Dr. Rachel Levitt and Dr. Harlan Weaver, along with their colleague Dr. Cáel M. Keegan from Grand Valley State University, spent spring break in Chicago training the chairs and directors of Gender, Women, and Sexuality Studies programs from across the United States in how to protect, support, and retain transgender faculty, staff, and students. Their work calls for change at the federal level, the organizational level of the National Women’s Studies Association, the institutional level of individual universities, and the department level of Women’s Studies programs.
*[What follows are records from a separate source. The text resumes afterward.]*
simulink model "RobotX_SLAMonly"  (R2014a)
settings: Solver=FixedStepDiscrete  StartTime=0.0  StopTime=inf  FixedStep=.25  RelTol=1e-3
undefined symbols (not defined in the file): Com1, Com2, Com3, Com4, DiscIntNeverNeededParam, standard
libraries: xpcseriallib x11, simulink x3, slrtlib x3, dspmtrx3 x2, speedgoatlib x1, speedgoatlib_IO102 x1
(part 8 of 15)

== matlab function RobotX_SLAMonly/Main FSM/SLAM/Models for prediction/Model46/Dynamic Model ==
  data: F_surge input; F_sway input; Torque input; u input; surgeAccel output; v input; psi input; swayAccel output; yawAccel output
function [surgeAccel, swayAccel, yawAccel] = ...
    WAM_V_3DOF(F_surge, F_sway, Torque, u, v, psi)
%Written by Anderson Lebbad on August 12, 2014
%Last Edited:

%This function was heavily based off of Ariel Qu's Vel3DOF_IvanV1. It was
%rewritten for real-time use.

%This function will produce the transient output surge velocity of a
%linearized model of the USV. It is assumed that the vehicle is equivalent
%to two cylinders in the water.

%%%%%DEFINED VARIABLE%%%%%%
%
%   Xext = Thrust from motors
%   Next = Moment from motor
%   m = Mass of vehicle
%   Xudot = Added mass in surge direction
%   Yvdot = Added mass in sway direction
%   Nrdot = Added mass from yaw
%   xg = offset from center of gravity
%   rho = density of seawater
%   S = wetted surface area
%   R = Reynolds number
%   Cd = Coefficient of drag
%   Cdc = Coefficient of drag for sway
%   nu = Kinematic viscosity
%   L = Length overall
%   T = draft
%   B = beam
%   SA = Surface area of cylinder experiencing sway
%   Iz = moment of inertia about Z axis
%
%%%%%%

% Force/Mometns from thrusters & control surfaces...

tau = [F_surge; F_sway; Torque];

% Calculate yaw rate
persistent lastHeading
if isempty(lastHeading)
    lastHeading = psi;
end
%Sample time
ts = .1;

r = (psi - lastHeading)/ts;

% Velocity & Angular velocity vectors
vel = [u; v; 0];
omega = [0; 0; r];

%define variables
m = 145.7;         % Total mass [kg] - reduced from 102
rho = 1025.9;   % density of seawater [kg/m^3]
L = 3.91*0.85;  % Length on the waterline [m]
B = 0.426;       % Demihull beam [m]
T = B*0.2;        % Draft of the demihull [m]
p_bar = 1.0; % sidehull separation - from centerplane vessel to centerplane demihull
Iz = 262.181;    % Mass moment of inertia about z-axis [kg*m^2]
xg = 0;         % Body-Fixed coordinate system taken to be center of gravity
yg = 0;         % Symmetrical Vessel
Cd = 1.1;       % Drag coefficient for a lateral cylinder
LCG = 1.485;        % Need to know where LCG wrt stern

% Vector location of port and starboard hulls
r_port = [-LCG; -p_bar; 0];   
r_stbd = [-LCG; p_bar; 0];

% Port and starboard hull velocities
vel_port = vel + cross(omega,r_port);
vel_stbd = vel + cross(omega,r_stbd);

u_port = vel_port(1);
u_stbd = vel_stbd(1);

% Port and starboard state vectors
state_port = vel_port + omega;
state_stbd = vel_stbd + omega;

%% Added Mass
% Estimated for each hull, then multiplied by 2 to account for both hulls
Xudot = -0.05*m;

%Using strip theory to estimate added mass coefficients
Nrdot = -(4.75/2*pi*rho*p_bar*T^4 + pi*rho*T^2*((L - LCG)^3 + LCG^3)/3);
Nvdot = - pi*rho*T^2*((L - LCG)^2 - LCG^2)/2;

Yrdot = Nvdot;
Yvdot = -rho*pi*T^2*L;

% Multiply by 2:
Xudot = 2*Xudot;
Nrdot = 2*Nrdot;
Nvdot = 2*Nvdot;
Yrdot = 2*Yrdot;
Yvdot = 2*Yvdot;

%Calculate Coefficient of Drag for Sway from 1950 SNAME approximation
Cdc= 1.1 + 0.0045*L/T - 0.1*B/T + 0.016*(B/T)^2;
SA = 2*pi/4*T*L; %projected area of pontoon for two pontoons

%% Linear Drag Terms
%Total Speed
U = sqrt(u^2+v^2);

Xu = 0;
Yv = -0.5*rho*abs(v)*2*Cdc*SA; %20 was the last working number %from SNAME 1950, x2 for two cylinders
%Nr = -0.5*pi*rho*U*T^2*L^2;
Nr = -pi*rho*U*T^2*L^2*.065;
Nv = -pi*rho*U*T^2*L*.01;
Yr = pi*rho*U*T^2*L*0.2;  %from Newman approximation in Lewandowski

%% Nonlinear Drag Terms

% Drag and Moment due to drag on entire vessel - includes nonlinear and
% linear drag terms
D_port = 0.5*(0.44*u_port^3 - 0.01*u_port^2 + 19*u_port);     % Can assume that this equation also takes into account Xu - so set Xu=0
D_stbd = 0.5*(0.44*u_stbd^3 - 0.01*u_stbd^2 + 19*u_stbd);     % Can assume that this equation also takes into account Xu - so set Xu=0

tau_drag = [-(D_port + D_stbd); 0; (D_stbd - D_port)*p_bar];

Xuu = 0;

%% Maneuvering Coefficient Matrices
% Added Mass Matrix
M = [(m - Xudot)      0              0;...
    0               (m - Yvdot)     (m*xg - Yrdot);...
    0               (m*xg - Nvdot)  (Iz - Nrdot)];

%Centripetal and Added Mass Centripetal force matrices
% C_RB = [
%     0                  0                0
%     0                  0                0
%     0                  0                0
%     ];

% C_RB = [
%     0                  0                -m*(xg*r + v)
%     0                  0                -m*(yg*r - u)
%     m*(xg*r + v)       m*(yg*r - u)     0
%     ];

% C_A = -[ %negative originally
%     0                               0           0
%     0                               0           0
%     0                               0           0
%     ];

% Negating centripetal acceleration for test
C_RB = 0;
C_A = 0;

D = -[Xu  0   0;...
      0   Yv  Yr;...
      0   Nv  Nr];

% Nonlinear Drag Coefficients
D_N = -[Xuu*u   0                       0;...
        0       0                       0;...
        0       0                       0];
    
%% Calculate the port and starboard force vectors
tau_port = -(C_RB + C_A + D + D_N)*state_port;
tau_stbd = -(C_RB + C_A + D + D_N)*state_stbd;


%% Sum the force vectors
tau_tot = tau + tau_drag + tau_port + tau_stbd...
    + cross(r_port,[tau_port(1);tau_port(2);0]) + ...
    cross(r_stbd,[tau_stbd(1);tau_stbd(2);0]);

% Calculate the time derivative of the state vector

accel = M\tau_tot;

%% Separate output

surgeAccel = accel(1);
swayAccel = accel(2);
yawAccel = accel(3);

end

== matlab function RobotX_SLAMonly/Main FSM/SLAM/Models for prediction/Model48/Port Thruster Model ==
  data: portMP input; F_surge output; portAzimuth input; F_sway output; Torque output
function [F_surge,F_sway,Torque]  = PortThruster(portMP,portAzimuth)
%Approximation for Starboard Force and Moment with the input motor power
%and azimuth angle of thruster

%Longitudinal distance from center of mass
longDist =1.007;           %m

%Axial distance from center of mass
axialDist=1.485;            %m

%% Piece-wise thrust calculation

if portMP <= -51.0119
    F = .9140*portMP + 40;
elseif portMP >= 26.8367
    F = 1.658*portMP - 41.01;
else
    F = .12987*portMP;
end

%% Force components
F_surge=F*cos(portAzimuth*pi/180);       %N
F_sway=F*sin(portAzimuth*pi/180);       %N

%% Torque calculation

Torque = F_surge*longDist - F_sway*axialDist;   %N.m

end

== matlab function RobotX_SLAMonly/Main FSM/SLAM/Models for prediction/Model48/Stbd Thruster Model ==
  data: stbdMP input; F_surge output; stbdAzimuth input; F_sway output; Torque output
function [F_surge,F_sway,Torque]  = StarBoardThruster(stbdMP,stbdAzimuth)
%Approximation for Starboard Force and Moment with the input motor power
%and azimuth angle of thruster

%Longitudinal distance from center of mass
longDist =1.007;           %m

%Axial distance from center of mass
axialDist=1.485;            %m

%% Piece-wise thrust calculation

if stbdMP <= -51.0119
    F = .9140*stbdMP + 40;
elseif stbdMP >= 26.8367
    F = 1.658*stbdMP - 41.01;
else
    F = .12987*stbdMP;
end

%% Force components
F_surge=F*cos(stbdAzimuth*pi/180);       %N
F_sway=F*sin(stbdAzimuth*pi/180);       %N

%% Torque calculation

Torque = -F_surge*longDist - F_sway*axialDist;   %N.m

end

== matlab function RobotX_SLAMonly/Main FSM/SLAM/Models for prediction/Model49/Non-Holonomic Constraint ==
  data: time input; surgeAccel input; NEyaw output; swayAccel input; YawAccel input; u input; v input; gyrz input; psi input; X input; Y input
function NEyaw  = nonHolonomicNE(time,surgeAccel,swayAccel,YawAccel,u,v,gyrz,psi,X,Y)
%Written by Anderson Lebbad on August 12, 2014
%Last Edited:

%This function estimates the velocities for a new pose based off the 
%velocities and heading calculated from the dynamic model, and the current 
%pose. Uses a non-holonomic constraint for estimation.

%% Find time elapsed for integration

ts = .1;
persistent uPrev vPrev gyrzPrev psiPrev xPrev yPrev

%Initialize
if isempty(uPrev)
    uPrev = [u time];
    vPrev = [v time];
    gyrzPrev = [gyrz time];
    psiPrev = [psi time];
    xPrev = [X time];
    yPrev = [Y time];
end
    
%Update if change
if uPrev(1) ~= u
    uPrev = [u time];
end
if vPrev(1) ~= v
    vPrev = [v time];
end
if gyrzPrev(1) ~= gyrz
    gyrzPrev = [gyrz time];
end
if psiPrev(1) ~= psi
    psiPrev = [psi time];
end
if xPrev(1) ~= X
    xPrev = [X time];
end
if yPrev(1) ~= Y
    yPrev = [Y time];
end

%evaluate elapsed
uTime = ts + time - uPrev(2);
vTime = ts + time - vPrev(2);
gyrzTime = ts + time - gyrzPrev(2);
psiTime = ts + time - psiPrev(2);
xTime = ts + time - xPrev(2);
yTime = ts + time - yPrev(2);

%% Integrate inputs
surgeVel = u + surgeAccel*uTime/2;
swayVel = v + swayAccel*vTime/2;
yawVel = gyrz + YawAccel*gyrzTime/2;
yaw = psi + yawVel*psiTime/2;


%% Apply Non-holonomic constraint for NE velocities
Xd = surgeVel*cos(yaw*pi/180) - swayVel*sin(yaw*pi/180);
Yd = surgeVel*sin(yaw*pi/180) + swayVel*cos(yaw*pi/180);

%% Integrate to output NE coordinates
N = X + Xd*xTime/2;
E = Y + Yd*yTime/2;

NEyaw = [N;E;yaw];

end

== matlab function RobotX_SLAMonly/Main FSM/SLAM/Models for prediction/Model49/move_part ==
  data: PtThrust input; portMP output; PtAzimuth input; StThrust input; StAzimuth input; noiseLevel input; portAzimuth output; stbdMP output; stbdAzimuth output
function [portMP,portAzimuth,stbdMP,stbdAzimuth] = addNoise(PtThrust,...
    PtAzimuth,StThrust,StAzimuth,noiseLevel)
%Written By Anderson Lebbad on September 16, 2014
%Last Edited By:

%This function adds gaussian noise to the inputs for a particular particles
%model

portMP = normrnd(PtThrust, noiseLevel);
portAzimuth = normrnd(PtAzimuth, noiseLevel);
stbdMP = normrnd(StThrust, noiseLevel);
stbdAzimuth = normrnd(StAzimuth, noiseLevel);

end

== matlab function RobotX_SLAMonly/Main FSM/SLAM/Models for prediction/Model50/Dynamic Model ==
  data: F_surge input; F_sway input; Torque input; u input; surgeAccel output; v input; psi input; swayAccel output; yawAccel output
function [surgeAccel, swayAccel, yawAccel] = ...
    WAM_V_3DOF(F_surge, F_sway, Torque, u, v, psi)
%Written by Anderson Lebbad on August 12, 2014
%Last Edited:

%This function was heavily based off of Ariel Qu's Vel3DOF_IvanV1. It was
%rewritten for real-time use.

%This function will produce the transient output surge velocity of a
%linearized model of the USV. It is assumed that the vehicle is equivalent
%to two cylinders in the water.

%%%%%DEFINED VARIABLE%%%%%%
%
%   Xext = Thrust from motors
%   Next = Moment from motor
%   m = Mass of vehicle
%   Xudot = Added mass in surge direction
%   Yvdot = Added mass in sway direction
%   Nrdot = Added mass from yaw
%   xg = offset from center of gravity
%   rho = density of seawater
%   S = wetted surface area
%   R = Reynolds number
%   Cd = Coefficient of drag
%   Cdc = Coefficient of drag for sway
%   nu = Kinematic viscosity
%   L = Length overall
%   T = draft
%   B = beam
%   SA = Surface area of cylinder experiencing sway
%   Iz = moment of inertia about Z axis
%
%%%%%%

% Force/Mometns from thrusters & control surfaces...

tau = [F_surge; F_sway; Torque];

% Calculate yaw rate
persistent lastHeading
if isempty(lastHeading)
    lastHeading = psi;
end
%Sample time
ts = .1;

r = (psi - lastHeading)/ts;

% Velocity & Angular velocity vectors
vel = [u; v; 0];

They were invited by NWSA leadership to present their important and compelling work at the chair’s and director’s meeting after they presented at the organization’s 2018 conference in Atlanta, GA.
Universities are gendered institutions, reinforcing cis-hetero-normativity through policies, practices, and tacit cultural norms, from sex-segregated bathrooms to a lack of trans–competent faculty and medical providers. For students, the struggle can be overwhelming. Transgender students experience high levels of harassment, bullying, and discrimination in higher education. According to the National Transgender Discrimination Survey in 2017, which surveyed 6,500 transgender people, 35% of those attending college were mistreated, harassed, and bullied, not only by other students, but by teachers and staff as well.
Weaver, Levitt, and Keegan drew from these statistics in their workshop, highlighting the stories and experiences behind the numbers, making a compelling case for a range of trans-related changes needed, not just for transgender students, but also for faculty and staff in university settings. Their work not only draws attention to the pervasiveness of trans-antagonistic campus climates, but also points to the possibilities for changing such climates.